# My 1st Malawi Tank



## Malawiman82 (May 1, 2009)

Hi all.

This is my first malawi tank and just wandered what everyone thought of it. Its well established now and i've had it for about a year. Any comments or suggestions would be greatly appreciated  . Details of the set up are below.

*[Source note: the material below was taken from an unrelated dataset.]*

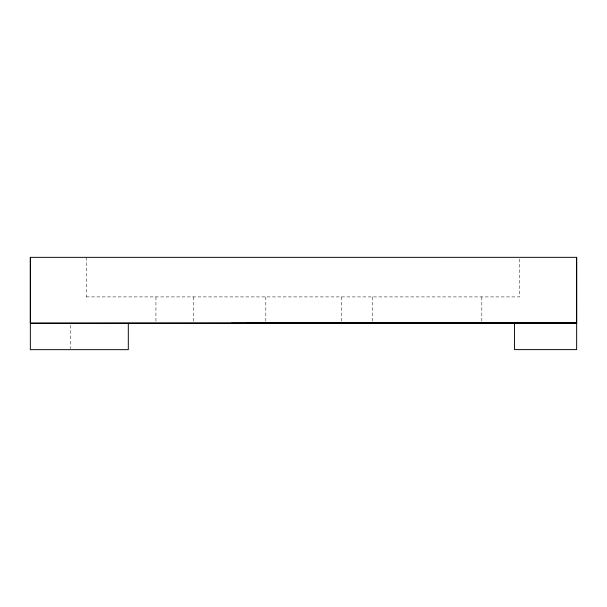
<?xml version="1.0" encoding="UTF-8"?>
<svg xmlns="http://www.w3.org/2000/svg" width="607" height="607" viewBox="0 0 607 607"><rect width="100%" height="100%" fill="white"/><g stroke="black" fill="none" stroke-linecap="round" stroke-linejoin="round"><path stroke-width="0.46" stroke-dasharray="3.04 2.28" d="M86.224 296.899L519.493 296.914L519.493 257.345M481.821 296.899L481.821 323.288M372.561 296.899L372.561 323.288M341.506 296.899L341.506 323.273M265.82 296.899L265.82 321.391M193.603 296.899L193.603 323.288M155.931 296.899L155.931 323.288M86.224 257.345L86.224 296.914M70.753 325.17L70.753 348.714"/><path stroke-width="0.91" d="M576.642 323.205L514.478 323.205L514.486 349.609L576.65 349.609L576.642 257.338L30.35 257.353L30.35 323.288L515.229 323.288M576.642 323.288L576.642 257.353M265.82 323.273L247.026 323.235M253.878 323.265L256.662 323.243L249.894 323.265L253.612 323.235M257.861 323.273L259.72 323.258M315.503 323.007L265.82 323.273L576.642 322.757L481.821 323.288M398.738 322.932L298.098 323.174M576.642 322.757L30.35 323.288L372.561 323.288M231.396 323.243L307.521 323.281M128.305 323.288L128.305 349.662L30.35 349.662L30.35 257.353"/></g></svg>

And after all that i'm struggling to get the image on here :lol: any suggestions?

Greg


----------



## Norse76 (Jul 20, 2008)

Looks like you ahve all the basics covered, how about a picture?


----------



## Malawiman82 (May 1, 2009)

Any ideas how to get the picture on, struggling a bit?


----------



## jontwhale (Mar 20, 2006)

upload your photo onto photobucket then copy the img url onto here and it should work fine 
jon


----------



## Malawiman82 (May 1, 2009)

Jon.

Thanks for that. Hope this works.

http://i571.photobucket.com/albums/ss15 ... CN1426.jpg

Greg


----------



## KaiserSousay (Nov 2, 2008)

Welcome..sharp tank


----------



## Norse76 (Jul 20, 2008)

Nice looking tank..and welcome.


----------



## scuba20v (May 28, 2007)

looks awesome!


----------



## zazz (Apr 5, 2008)

not bad....how did you train them to all point in the same direction? :wink:


----------



## khaki (Jan 12, 2008)

I love the greens on the rocks  good job.


----------



## Malawiman82 (May 1, 2009)

zazz.

never looked at it like that :lol:

must be the circulation pump

Greg


----------



## Malawiman82 (May 1, 2009)

*Norse76*


----------



## Norse76 (Jul 20, 2008)

On Photobucket, place your cursor under your picture. You will have 4 links below it, copy and paste the one that has the image code listed.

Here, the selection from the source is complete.